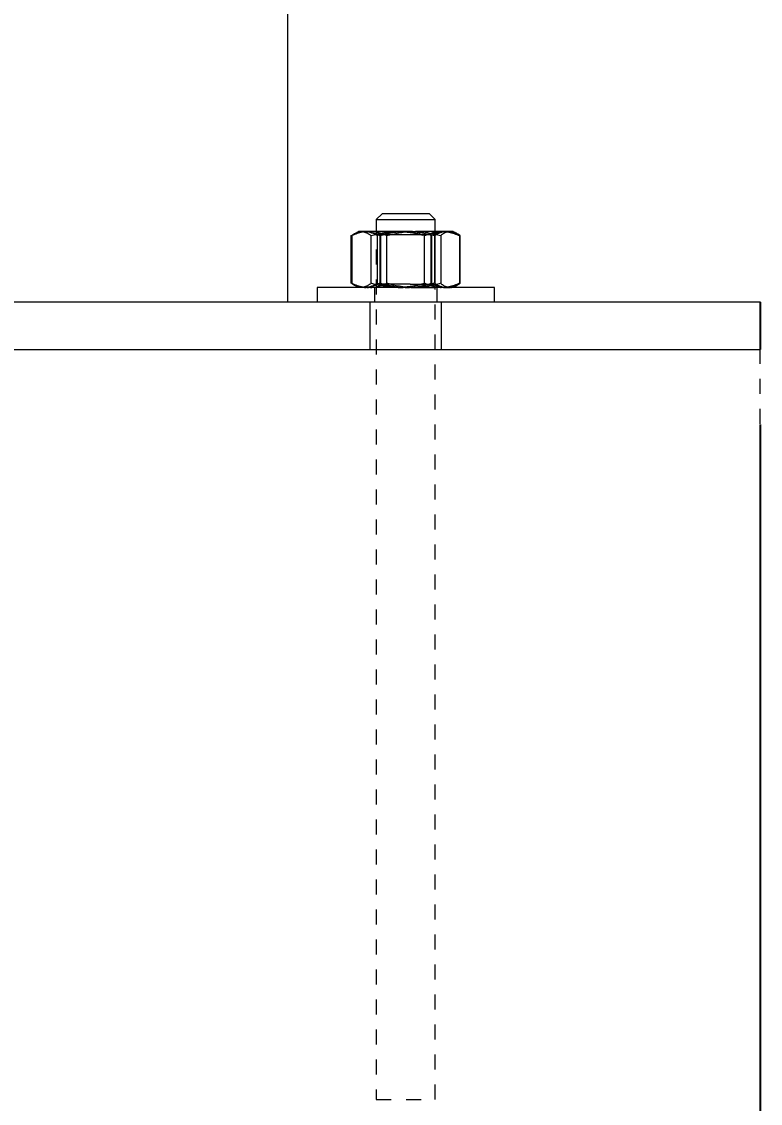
# Model space of a CAD drawing. Header units: inches. Extents: x -13 to 609, y -6 to 131.
# Drawn here: x 81.99 to 86.92, y 45.5 to 52.71 of the extents above; entities that cross this region are included whole.
import ezdxf

# ---------------------------------------------------------------- set-up
doc = ezdxf.new("R2010")
doc.units = ezdxf.units.IN
doc.header["$PDSIZE"] = -1
doc.linetypes.add('HIDDEN', pattern=[1.905, 1.27, -0.635])
for name, color, linetype, lineweight in [('ZANO_R', 7, 'Continuous', 0), ('ZANO_R_przerywana', 250, 'HIDDEN', 0), ('ZANO_W', 1, 'Continuous', 0)]:
    doc.layers.add(name, color=color, linetype=linetype, lineweight=lineweight)
doc.styles.add('Arial', font='arial.ttf')
doc.styles.get("Standard").update_dxf_attribs({"font": 'ARIALUNI.TTF'})
doc.dimstyles.new('amerykanie', dxfattribs={"dimtxt": 50, "dimasz": 50, "dimexe": 0.5, "dimexo": 0.5, "dimgap": 1, "dimtad": 1, "dimdec": 0, "dimzin": 0, "dimlunit": 5, "dimtxsty": 'Standard', "dimcen": 0.09, "dimclrd": 1, "dimclre": 1, "dimclrt": 1, "dimazin": 0, "dimtfac": 1, "dimtdec": 0, "dimtmove": 0, "dimatfit": 3, "dimfxl": 1, "dimtzin": 0, "dimarcsym": 1})

# ---------------------------------------------------------------- blocks, each defined once
blk = doc.blocks.new('*D441')
at = {"layer": 'Defpoints', "color": 0}
for p in [(77.0733, 50.5268), (86.9161, 50.527), (86.9161, 43.1258)]:
    blk.add_point(p, dxfattribs=at)
at = {"layer": 'ZANO_W', "color": 1, "lineweight": -2}
for p, q in [((77.0733, 50.0268), (77.0733, 42.6258)), ((86.9161, 50.027), (86.9161, 42.6258)), ((78.0733, 43.1258), (85.9161, 43.1258))]:
    blk.add_line(p, q, dxfattribs=at)
at = {"layer": 'ZANO_W', "color": 1}
for points in [[(78.0733, 43.2925), (78.0733, 42.9591), (77.0733, 43.1258)], [(85.9161, 42.9591), (85.9161, 43.2925), (86.9161, 43.1258)]]:
    blk.add_solid(points, dxfattribs=at)
at = {"layer": 'ZANO_W', "color": 1, "insert": (81.9947, 44.4666), "char_height": 1.625, "attachment_point": 5, "style": 'Arial'}
blk.add_mtext('9 13/16', dxfattribs=at)

msp = doc.modelspace()

# ---------------------------------------------------------------- linework, layer by layer
at = {"layer": 'ZANO_R'}
for p, q in [((83.76672, 53.28269), (83.76672, 50.84174)), ((84.3965, 51.4323), (84.35713, 51.39293)), ((84.39679, 51.4323), (84.35742, 51.39293)), ((84.39669, 51.4323), (84.3965, 51.4323)), ((84.71175, 51.4323), (84.39679, 51.4323)), ((84.75083, 51.39293), (84.71153, 51.43223)), ((84.75112, 51.39293), (84.71175, 51.4323)), ((84.35713, 51.39293), (84.35742, 51.39293)), ((84.35742, 51.39293), (84.75112, 51.39293)), ((84.75112, 50.94117), (84.75112, 51.39293)), ((84.19045, 51.28605), (84.19691, 51.28987)), ((84.19045, 51.28605), (84.1963, 51.28941)), ((84.19045, 50.9683), (84.19045, 51.28605)), ((84.20429, 51.28997), (84.19588, 51.28605)), ((84.19588, 51.28605), (84.2002, 51.2896)), ((84.19588, 51.28605), (84.19588, 50.9683)), ((84.1963, 51.28941), (84.20226, 51.29257)), ((84.20096, 51.29214), (84.19691, 51.28987)), ((84.2002, 51.2896), (84.20465, 51.293)), ((84.20093, 51.29219), (84.23902, 51.31419)), ((84.20096, 51.29214), (84.20379, 51.29368)), ((84.20226, 51.29257), (84.20833, 51.29553)), ((84.20624, 51.29497), (84.20379, 51.29368)), ((84.21283, 51.2936), (84.20429, 51.28997)), ((84.20465, 51.293), (84.20921, 51.29624)), ((84.20624, 51.29497), (84.2112, 51.29747)), ((84.20833, 51.29553), (84.21449, 51.29828)), ((84.20921, 51.29624), (84.21387, 51.29933)), ((84.21154, 51.29763), (84.2112, 51.29747)), ((84.21154, 51.29763), (84.21542, 51.29947)), ((84.22149, 51.29695), (84.21283, 51.2936)), ((84.21387, 51.29933), (84.21864, 51.30225)), ((84.21449, 51.29828), (84.22073, 51.30083)), ((84.21542, 51.29947), (84.21934, 51.30123)), ((84.21864, 51.30225), (84.23931, 51.31419)), ((84.22221, 51.30245), (84.21934, 51.30123)), ((84.22073, 51.30083), (84.22706, 51.30316)), ((84.23025, 51.30001), (84.22149, 51.29695)), ((84.22221, 51.30245), (84.22377, 51.30309)), ((84.22305, 51.30467), (84.22531, 51.30586)), ((84.22759, 51.30459), (84.22377, 51.3031)), ((84.22531, 51.30586), (84.2276, 51.30698)), ((84.22706, 51.30316), (84.23347, 51.30529)), ((84.22759, 51.30459), (84.22853, 51.30495)), ((84.2276, 51.30698), (84.22993, 51.30801)), ((84.23298, 51.30654), (84.22853, 51.30495)), ((84.22993, 51.30801), (84.23229, 51.30897)), ((84.23911, 51.30278), (84.23025, 51.30001)), ((84.23229, 51.30897), (84.23468, 51.30986)), ((84.23298, 51.30654), (84.23369, 51.30678)), ((84.23347, 51.30529), (84.23994, 51.3072)), ((84.23841, 51.30829), (84.23369, 51.30678)), ((84.23468, 51.30986), (84.2371, 51.31066)), ((84.2371, 51.31066), (84.23954, 51.31139)), ((84.23841, 51.30829), (84.2394, 51.30859)), ((84.23915, 51.31419), (84.23902, 51.31419)), ((84.24805, 51.30526), (84.23911, 51.30278)), ((84.30482, 51.31419), (84.23931, 51.31419)), ((84.24386, 51.30982), (84.23941, 51.30858)), ((84.23954, 51.31139), (84.24201, 51.31203)), ((84.23994, 51.3072), (84.24647, 51.3089)), ((84.24201, 51.31203), (84.24449, 51.31259)), ((84.24386, 51.30982), (84.2459, 51.31034)), ((84.24449, 51.31259), (84.24699, 51.31307)), ((84.24934, 51.31113), (84.2459, 51.31033)), ((84.24647, 51.3089), (84.25305, 51.31037)), ((84.24699, 51.31307), (84.24951, 51.31347)), ((84.25707, 51.30744), (84.24805, 51.30526)), ((84.24933, 51.31114), (84.25343, 51.31198)), ((84.24951, 51.31347), (84.25204, 51.31379)), ((84.25204, 51.31379), (84.25458, 51.31402)), ((84.25305, 51.31037), (84.25968, 51.31163)), ((84.25343, 51.31198), (84.25754, 51.31268)), ((84.25458, 51.31402), (84.25712, 51.31417)), ((84.26616, 51.30932), (84.25707, 51.30744)), ((84.25754, 51.31268), (84.26168, 51.31325)), ((84.25968, 51.31163), (84.26635, 51.31266)), ((84.26168, 51.31325), (84.26583, 51.31369)), ((84.26271, 51.31406), (84.26616, 51.31356)), ((84.26616, 51.31356), (84.26959, 51.31295)), ((84.2753, 51.3109), (84.26616, 51.30932)), ((84.26635, 51.31266), (84.27305, 51.31347)), ((84.2667, 51.31377), (84.27347, 51.31414)), ((84.26959, 51.31295), (84.273, 51.31222)), ((84.273, 51.31222), (84.27638, 51.31137)), ((84.27305, 51.31347), (84.27977, 51.31406)), ((84.28449, 51.31218), (84.2753, 51.3109)), ((84.27638, 51.31137), (84.27973, 51.31042)), ((84.28525, 51.31372), (84.2797, 51.31415)), ((84.27973, 51.31042), (84.28305, 51.30935)), ((84.28335, 51.31419), (84.28164, 51.31419)), ((84.28305, 51.30935), (84.28634, 51.30817)), ((84.29372, 51.31316), (84.28449, 51.31218)), ((84.29079, 51.31311), (84.28525, 51.31372)), ((84.28634, 51.30817), (84.28958, 51.30689)), ((84.28958, 51.30689), (84.29277, 51.30549)), ((84.29033, 51.31412), (84.29743, 51.31374)), ((84.2963, 51.31231), (84.29079, 51.31311)), ((84.29277, 51.30549), (84.29592, 51.304)), ((84.30298, 51.31382), (84.29372, 51.31316)), ((84.29592, 51.304), (84.29902, 51.30239)), ((84.30178, 51.31134), (84.2963, 51.31231)), ((84.29801, 51.31369), (84.30475, 51.31285)), ((84.29902, 51.30239), (84.30206, 51.30069)), ((84.30723, 51.31018), (84.30178, 51.31134)), ((84.30206, 51.30069), (84.30504, 51.29888)), ((84.31225, 51.31419), (84.30298, 51.31382)), ((84.30403, 51.31419), (84.30605, 51.31419)), ((84.30475, 51.31285), (84.31147, 51.31178)), ((84.30504, 51.29888), (84.30796, 51.29698)), ((84.31263, 51.30884), (84.30723, 51.31018)), ((84.30796, 51.29698), (84.31082, 51.29498)), ((84.31082, 51.29498), (84.31361, 51.29288)), ((84.31147, 51.31178), (84.31815, 51.3105)), ((84.32152, 51.31382), (84.31225, 51.31419)), ((84.31799, 51.30733), (84.31263, 51.30884)), ((84.31361, 51.29288), (84.31632, 51.29069)), ((84.59648, 51.31419), (84.31527, 51.31419)), ((84.31632, 51.29069), (84.31896, 51.28842)), ((84.3233, 51.30564), (84.31799, 51.30733)), ((84.31815, 51.3105), (84.32478, 51.309)), ((84.31896, 51.28842), (84.32153, 51.28605)), ((84.33078, 51.31316), (84.32152, 51.31382)), ((84.32153, 51.28605), (84.34268, 51.29218)), ((84.32153, 51.28605), (84.32153, 50.9683)), ((84.32855, 51.30378), (84.3233, 51.30564)), ((84.32478, 51.309), (84.33135, 51.30728)), ((84.33373, 51.30174), (84.32855, 51.30378)), ((84.34001, 51.31218), (84.33078, 51.31316)), ((84.33135, 51.30728), (84.33787, 51.30535)), ((84.33884, 51.29954), (84.33373, 51.30174)), ((84.33787, 51.30535), (84.34432, 51.30321)), ((84.34388, 51.29717), (84.33884, 51.29954)), ((84.3492, 51.3109), (84.34001, 51.31218)), ((84.34268, 51.29218), (84.36404, 51.29757)), ((84.34884, 51.29463), (84.34388, 51.29717)), ((84.34432, 51.30321), (84.3507, 51.30086)), ((84.35371, 51.29193), (84.34884, 51.29463)), ((84.35835, 51.30932), (84.3492, 51.3109)), ((84.3507, 51.30086), (84.357, 51.2983)), ((84.35849, 51.28907), (84.35371, 51.29193)), ((84.357, 51.2983), (84.36321, 51.29554)), ((84.38666, 51.29351), (84.35713, 51.31419)), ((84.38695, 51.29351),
****************************************
Your goal: Set down the records above exactly as written, beginning with the first line and ending with the line that contains "doc.linetypes.add('HIDDEN', pattern=[1.905, 1.27, -0.635])", and do not include pictures.

Response to this task:
# Model space of a CAD drawing. Header units: inches. Extents: x -13 to 609, y -6 to 131.
# Drawn here: x 81.99 to 86.92, y 45.5 to 52.71 of the extents above; entities that cross this region are included whole.
import ezdxf

# ---------------------------------------------------------------- set-up
doc = ezdxf.new("R2010")
doc.units = ezdxf.units.IN
doc.header["$PDSIZE"] = -1
doc.linetypes.add('HIDDEN', pattern=[1.905, 1.27, -0.635])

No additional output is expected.